As the dinner came to a close, I took a few pictures of the group, and although they were technically “dismissed,” I was thrilled to see that everyone genuinely wanted to continue talking, and so they did so standing for the next several minutes. Guadalupe Morales, a Richmond High School graduate and alumna of the Ivy League Connection, offered to walk the students back to campus, which was a really kind gesture.  She and Arnold were able to connect, as he is a current Richmond High School student.  Although I didn’t get a chance to sit at the same table as Bianca, Isaiah, Eveyln, Lizbeth, or Candice, I could tell they were having lively conversations with Jack and Arnold.  The walk home felt easy, as I got a chance to speak with Jing about her family and how much she was enjoying her time at Brown in Providence.

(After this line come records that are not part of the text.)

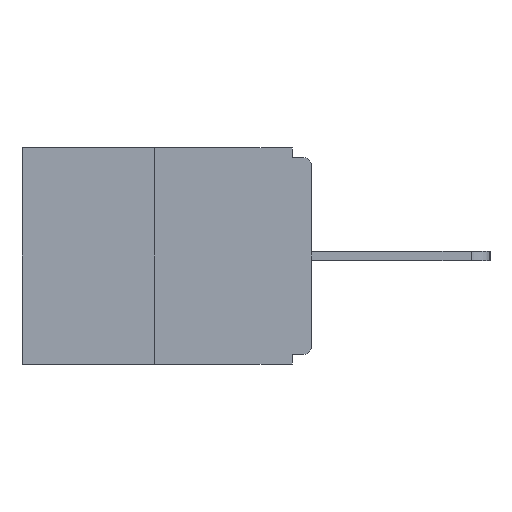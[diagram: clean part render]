
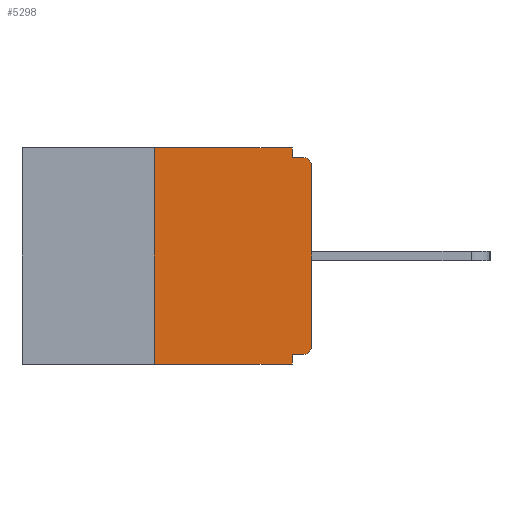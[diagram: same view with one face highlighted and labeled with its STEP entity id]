
A CAD part, left-side view. The second image highlights one B-rep face of the part: STEP entity #5298.
In plain terms, the highlighted planar face has unit normal (-1, 0, 0).
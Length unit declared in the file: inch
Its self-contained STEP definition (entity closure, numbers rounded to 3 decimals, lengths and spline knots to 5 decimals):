
#204 = LINE ( 'NONE', #9441, #9542 ) ;
#334 = EDGE_CURVE ( 'NONE', #8478, #7138, #6320, .T. ) ;
#347 = LINE ( 'NONE', #14980, #6120 ) ;
#438 = EDGE_CURVE ( 'NONE', #10434, #10351, #347, .T. ) ;
#476 = EDGE_CURVE ( 'NONE', #1189, #2106, #12507, .T. ) ;
#501 = EDGE_CURVE ( 'NONE', #8478, #10351, #8153, .T. ) ;
#967 = DIRECTION ( 'NONE',  ( 0., 1., 0. ) ) ;
#989 = CARTESIAN_POINT ( 'NONE',  ( 0., 0.46, 0. ) ) ;
#1189 = VERTEX_POINT ( 'NONE', #2236 ) ;
#1279 = ORIENTED_EDGE ( 'NONE', *, *, #15312, .T. ) ;
#1694 = CARTESIAN_POINT ( 'NONE',  ( 0., 0.46, 0. ) ) ;
#2106 = VERTEX_POINT ( 'NONE', #4140 ) ;
#2145 = VECTOR ( 'NONE', #11628, 39.37008 ) ;
#2236 = CARTESIAN_POINT ( 'NONE',  ( 0., 0.031, 0. ) ) ;
#2877 = VERTEX_POINT ( 'NONE', #6756 ) ;
#3248 = DIRECTION ( 'NONE',  ( 0., -1., 0. ) ) ;
#3756 = CARTESIAN_POINT ( 'NONE',  ( 0., 0.015, -0.03 ) ) ;
#3932 = EDGE_CURVE ( 'NONE', #2877, #7653, #12811, .T. ) ;
#3967 = CARTESIAN_POINT ( 'NONE',  ( 0., 0.031, 0. ) ) ;
#4140 = CARTESIAN_POINT ( 'NONE',  ( 0., 0.031, -0.015 ) ) ;
#4386 = CARTESIAN_POINT ( 'NONE',  ( 0., 0.25, -0.343 ) ) ;
#4910 = ORIENTED_EDGE ( 'NONE', *, *, #3932, .T. ) ;
#4921 = EDGE_LOOP ( 'NONE', ( #5280, #5655, #13163, #6958, #10546, #13733, #1279, #4910, #8442, #12069 ) ) ;
#4995 = CARTESIAN_POINT ( 'NONE',  ( 0., 0., -0.313 ) ) ;
#5117 = CARTESIAN_POINT ( 'NONE',  ( 0., 0., -0.015 ) ) ;
#5280 = ORIENTED_EDGE ( 'NONE', *, *, #5669, .F. ) ;
#5298 = ADVANCED_FACE ( 'NONE', ( #7500 ), #10839, .F. ) ;
#5305 = CARTESIAN_POINT ( 'NONE',  ( 0., 0.015, -0.313 ) ) ;
#5308 = DIRECTION ( 'NONE',  ( -1., 0., 0. ) ) ;
#5642 = LINE ( 'NONE', #5117, #6009 ) ;
#5655 = ORIENTED_EDGE ( 'NONE', *, *, #334, .F. ) ;
#5669 = EDGE_CURVE ( 'NONE', #7138, #1189, #11483, .T. ) ;
#5810 = VECTOR ( 'NONE', #8088, 39.37008 ) ;
#6009 = VECTOR ( 'NONE', #12318, 39.37008 ) ;
#6120 = VECTOR ( 'NONE', #14483, 39.37008 ) ;
#6320 = LINE ( 'NONE', #12587, #8711 ) ;
#6595 = EDGE_CURVE ( 'NONE', #7488, #11704, #8190, .T. ) ;
#6756 = CARTESIAN_POINT ( 'NONE',  ( 0., 0., -0.03 ) ) ;
#6958 = ORIENTED_EDGE ( 'NONE', *, *, #438, .F. ) ;
#7023 = CARTESIAN_POINT ( 'NONE',  ( 0., 0.015, -0.328 ) ) ;
#7138 = VERTEX_POINT ( 'NONE', #13670 ) ;
#7488 = VERTEX_POINT ( 'NONE', #7023 ) ;
#7500 = FACE_OUTER_BOUND ( 'NONE', #4921, .T. ) ;
#7653 = VERTEX_POINT ( 'NONE', #12250 ) ;
#7777 = VECTOR ( 'NONE', #3248, 39.37008 ) ;
#7846 = VECTOR ( 'NONE', #11053, 39.37008 ) ;
#8088 = DIRECTION ( 'NONE',  ( 0., 0., 1. ) ) ;
#8153 = LINE ( 'NONE', #12103, #7777 ) ;
#8190 = CIRCLE ( 'NONE', #8308, 0.015 ) ;
#8308 = AXIS2_PLACEMENT_3D ( 'NONE', #5305, #5308, #9060 ) ;
#8442 = ORIENTED_EDGE ( 'NONE', *, *, #8870, .F. ) ;
#8478 = VERTEX_POINT ( 'NONE', #4386 ) ;
#8610 = CARTESIAN_POINT ( 'NONE',  ( 0., 0.031, -0.328 ) ) ;
#8647 = DIRECTION ( 'NONE',  ( 0., 0., -1. ) ) ;
#8711 = VECTOR ( 'NONE', #10816, 39.37008 ) ;
#8870 = EDGE_CURVE ( 'NONE', #2106, #7653, #5642, .T. ) ;
#9060 = DIRECTION ( 'NONE',  ( 0., 0., -1. ) ) ;
#9294 = EDGE_CURVE ( 'NONE', #7488, #10434, #204, .T. ) ;
#9441 = CARTESIAN_POINT ( 'NONE',  ( 0., 0., -0.328 ) ) ;
#9542 = VECTOR ( 'NONE', #967, 39.37008 ) ;
#10351 = VERTEX_POINT ( 'NONE', #10999 ) ;
#10434 = VERTEX_POINT ( 'NONE', #8610 ) ;
#10546 = ORIENTED_EDGE ( 'NONE', *, *, #9294, .F. ) ;
#10816 = DIRECTION ( 'NONE',  ( 0., 0., 1. ) ) ;
#10839 = PLANE ( 'NONE',  #14643 ) ;
#10999 = CARTESIAN_POINT ( 'NONE',  ( 0., 0.031, -0.343 ) ) ;
#11053 = DIRECTION ( 'NONE',  ( 0., -1., 0. ) ) ;
#11483 = LINE ( 'NONE', #989, #7846 ) ;
#11628 = DIRECTION ( 'NONE',  ( 0., 0., -1. ) ) ;
#11704 = VERTEX_POINT ( 'NONE', #4995 ) ;
#12069 = ORIENTED_EDGE ( 'NONE', *, *, #476, .F. ) ;
#12103 = CARTESIAN_POINT ( 'NONE',  ( 0., 0.46, -0.343 ) ) ;
#12250 = CARTESIAN_POINT ( 'NONE',  ( 0., 0.015, -0.015 ) ) ;
#12318 = DIRECTION ( 'NONE',  ( 0., -1., 0. ) ) ;
#12451 = DIRECTION ( 'NONE',  ( -1., 0., 0. ) ) ;
#12507 = LINE ( 'NONE', #3967, #2145 ) ;
#12587 = CARTESIAN_POINT ( 'NONE',  ( 0., 0.25, 0. ) ) ;
#12811 = CIRCLE ( 'NONE', #12938, 0.015 ) ;
#12938 = AXIS2_PLACEMENT_3D ( 'NONE', #3756, #12451, #13712 ) ;
#13163 = ORIENTED_EDGE ( 'NONE', *, *, #501, .T. ) ;
#13670 = CARTESIAN_POINT ( 'NONE',  ( 0., 0.25, 0. ) ) ;
#13712 = DIRECTION ( 'NONE',  ( 0., 0., -1. ) ) ;
#13733 = ORIENTED_EDGE ( 'NONE', *, *, #6595, .T. ) ;
#14335 = DIRECTION ( 'NONE',  ( 1., 0., 0. ) ) ;
#14483 = DIRECTION ( 'NONE',  ( 0., 0., -1. ) ) ;
#14603 = LINE ( 'NONE', #15272, #5810 ) ;
#14643 = AXIS2_PLACEMENT_3D ( 'NONE', #1694, #14335, #8647 ) ;
#14980 = CARTESIAN_POINT ( 'NONE',  ( 0., 0.031, -0.343 ) ) ;
#15272 = CARTESIAN_POINT ( 'NONE',  ( 0., 0., 0. ) ) ;
#15312 = EDGE_CURVE ( 'NONE', #11704, #2877, #14603, .T. ) ;

My choice: Penne Alla Vodka with prawns
The group
Genuine conversation post-dinner

I look forward to this week and celebrating the Fourth of July in a New England city.  What could be better than to celebrate our country’s freedom in a city whose ideals were founded on the basis of freedom?  Providence, je t’aime!

Siena, Roger Williams, RISD

Waking up to no homework or no assignments that are needed to completed made the day much nicer to wake up to, which helped faciliate the process of getting out of bed earlier. I dressed quickly and went over to RISD to view the rest of the art that I haven't seen. I thought that there wasn't much older art that was featured but it just happened to be that I didn't venture up there! I learned how to appreciate art in many different forms and styles and I really liked how RISD put some sort of emphasis in older interior design as well as porcelain and other items from different civilizations. The art which had a relation to societal matters like I have described in my earlier blog still had the most impact on me. I was so busy exploring the art that I forgot where in the building I was in and fount out that one of the elevators didn't go all the way down to the library! I later had to walk across the building after taking the elevator to the 3rd floor and then I would transfer to the other elevator to go down to the lobby.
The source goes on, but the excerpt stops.